▶ **Try it**: Up to and including the line bearing "- Coincident2: coincident: line", output every line of the entries exactly as written, starting from the first; pictures stay out.

##### Provided data

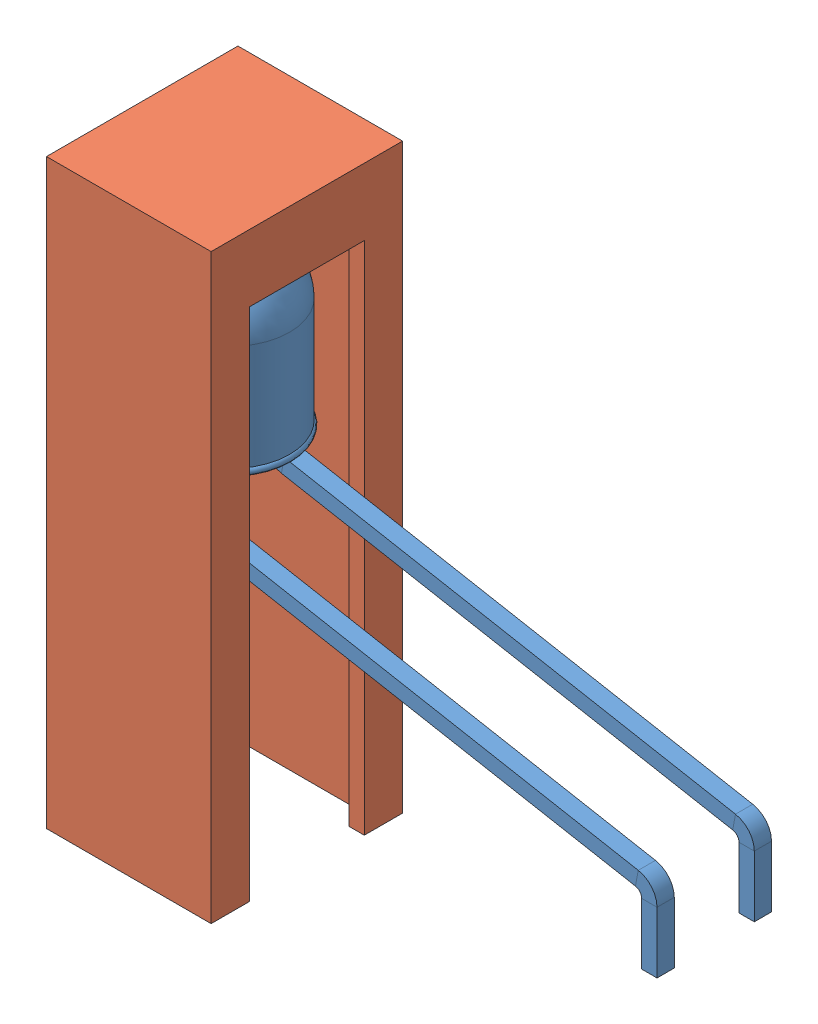
SolidWorks assembly sparkfunIR_LEDandCase, configuration 2Pin. Lengths in mm.
Overall size (14.94 15.2 5).
2 component instances, 2 part files, 4 mates.
Components (placement in the parent):
- sparkfunIR_LED-1: sparkfunIR_LED [2Pin] at (-40.5025 -12.0786 32.4491)
- sparkfunIR_casing-1: sparkfunIR_casing [Default] at (-40.6525 -5.8286 32.4491) x (1 0 0) z (0 0 -1)
Mates (geometry in assembly coordinates):
- Tangent1: tangent anti-aligned: sphere of sparkfunIR_LED-1; plane of sparkfunIR_casing-1 through (-40.6525 -7.5786 32.4491) normal (0 -1 0)
- Parallel2: parallel aligned: plane of sparkfunIR_LED-1 through (-40.5025 -12.0786 32.4491) normal (0 -1 0); plane of sparkfunIR_casing-1 through (-42.8025 -21.0286 29.9491) normal (0 -1 0)
- Coincident3: coincident anti-aligned: plane of sparkfunIR_LED-1 through (-40.5025 -12.0786 32.4491) normal (0 0 1); plane of sparkfunIR_casing-1 through (-40.6525 -5.8286 32.4491) normal (0 0 -1)
- Coincident4: coincident: point of sparkfunIR_LED-1; moEndPointRef_w of sparkfunIR_casing-1
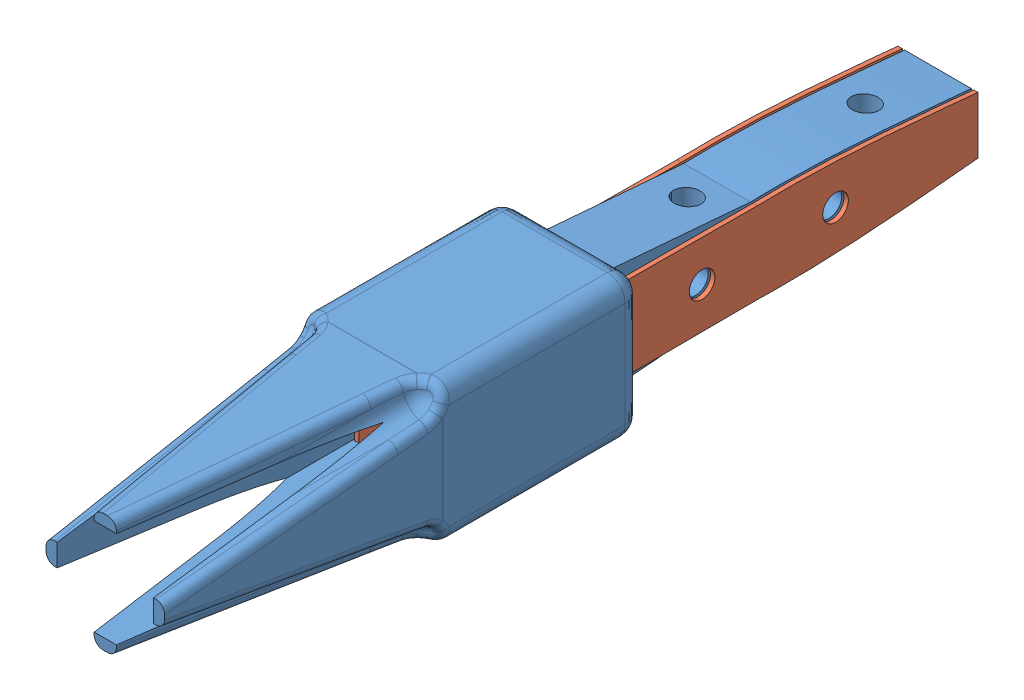
SolidWorks assembly TailSurfaceConnection, configuration Default. Lengths in mm.
Overall size (45.64 40.39 237.69).
3 component instances, 2 part files, 4 mates.
Components (placement in the parent):
- Tail Attachment-1: Tail Attachment [Default] at (86.8607 135.4515 175.6815) size (45.64 40.39 228.22)
- Tail Attachment CF slide-1: Tail Attachment CF slide [Default] at (76.7007 132.4161 132.917) x (0 0 1) z (-1 0 0) size (155.14 23.62 1.27)
- Tail Attachment CF slide-2: Tail Attachment CF slide [Default] at (98.2907 132.4161 132.917) x (0 0 1) z (-1 0 0) size (155.14 23.62 1.27)
Mates (geometry in assembly coordinates):
- Distance3: distance = 0.635 mm anti-aligned: plane of Tail Attachment-1 through (96.3857 122.8785 64.9883) normal (1 0 0); plane of Tail Attachment CF slide-2 through (97.0207 132.4161 132.917) normal (-1 0 0)
- Coincident2: coincident: line of Tail Attachment-1 through (77.3357 127.3211 64.9883) axis (1 0 0); line of Tail Attachment CF slide-2 through (97.0207 127.3211 64.9883) axis (1 0 0)
- Distance1: distance = 0.635 mm anti-aligned: plane of Tail Attachment-1 through (77.3357 122.8785 64.9883) normal (-1 0 0); plane of Tail Attachment CF slide-1 through (76.7007 132.4161 132.917) normal (1 0 0)
- Coincident4: coincident: line of Tail Attachment-1 through (77.3357 143.5819 64.9883) axis (1 0 0); line of Tail Attachment CF slide-1 through (75.4307 143.5819 64.9883) axis (1 0 0)

##########

▶ **Task answer**:
SolidWorks assembly sparkfunIR_LEDandCase, configuration 2Pin. Lengths in mm.
Overall size (14.94 15.2 5).
2 component instances, 2 part files, 4 mates.
Components (placement in the parent):
- sparkfunIR_LED-1: sparkfunIR_LED [2Pin] at (-40.5025 -12.0786 32.4491)
- sparkfunIR_casing-1: sparkfunIR_casing [Default] at (-40.6525 -5.8286 32.4491) x (1 0 0) z (0 0 -1)
Mates (geometry in assembly coordinates):
- Tangent1: tangent anti-aligned: sphere of sparkfunIR_LED-1; plane of sparkfunIR_casing-1 through (-40.6525 -7.5786 32.4491) normal (0 -1 0)
- Parallel2: parallel aligned: plane of sparkfunIR_LED-1 through (-40.5025 -12.0786 32.4491) normal (0 -1 0); plane of sparkfunIR_casing-1 through (-42.8025 -21.0286 29.9491) normal (0 -1 0)
- Coincident3: coincident anti-aligned: plane of sparkfunIR_LED-1 through (-40.5025 -12.0786 32.4491) normal (0 0 1); plane of sparkfunIR_casing-1 through (-40.6525 -5.8286 32.4491) normal (0 0 -1)
- Coincident4: coincident: point of sparkfunIR_LED-1; moEndPointRef_w of sparkfunIR_casing-1
SolidWorks assembly TailSurfaceConnection, configuration Default. Lengths in mm.
Overall size (45.64 40.39 237.69).
3 component instances, 2 part files, 4 mates.
Components (placement in the parent):
- Tail Attachment-1: Tail Attachment [Default] at (86.8607 135.4515 175.6815) size (45.64 40.39 228.22)
- Tail Attachment CF slide-1: Tail Attachment CF slide [Default] at (76.7007 132.4161 132.917) x (0 0 1) z (-1 0 0) size (155.14 23.62 1.27)
- Tail Attachment CF slide-2: Tail Attachment CF slide [Default] at (98.2907 132.4161 132.917) x (0 0 1) z (-1 0 0) size (155.14 23.62 1.27)
Mates (geometry in assembly coordinates):
- Distance3: distance = 0.635 mm anti-aligned: plane of Tail Attachment-1 through (96.3857 122.8785 64.9883) normal (1 0 0); plane of Tail Attachment CF slide-2 through (97.0207 132.4161 132.917) normal (-1 0 0)
- Coincident2: coincident: line of Tail Attachment-1 through (77.3357 127.3211 64.9883) axis (1 0 0); line of Tail Attachment CF slide-2 through (97.0207 127.3211 64.9883) axis (1 0 0)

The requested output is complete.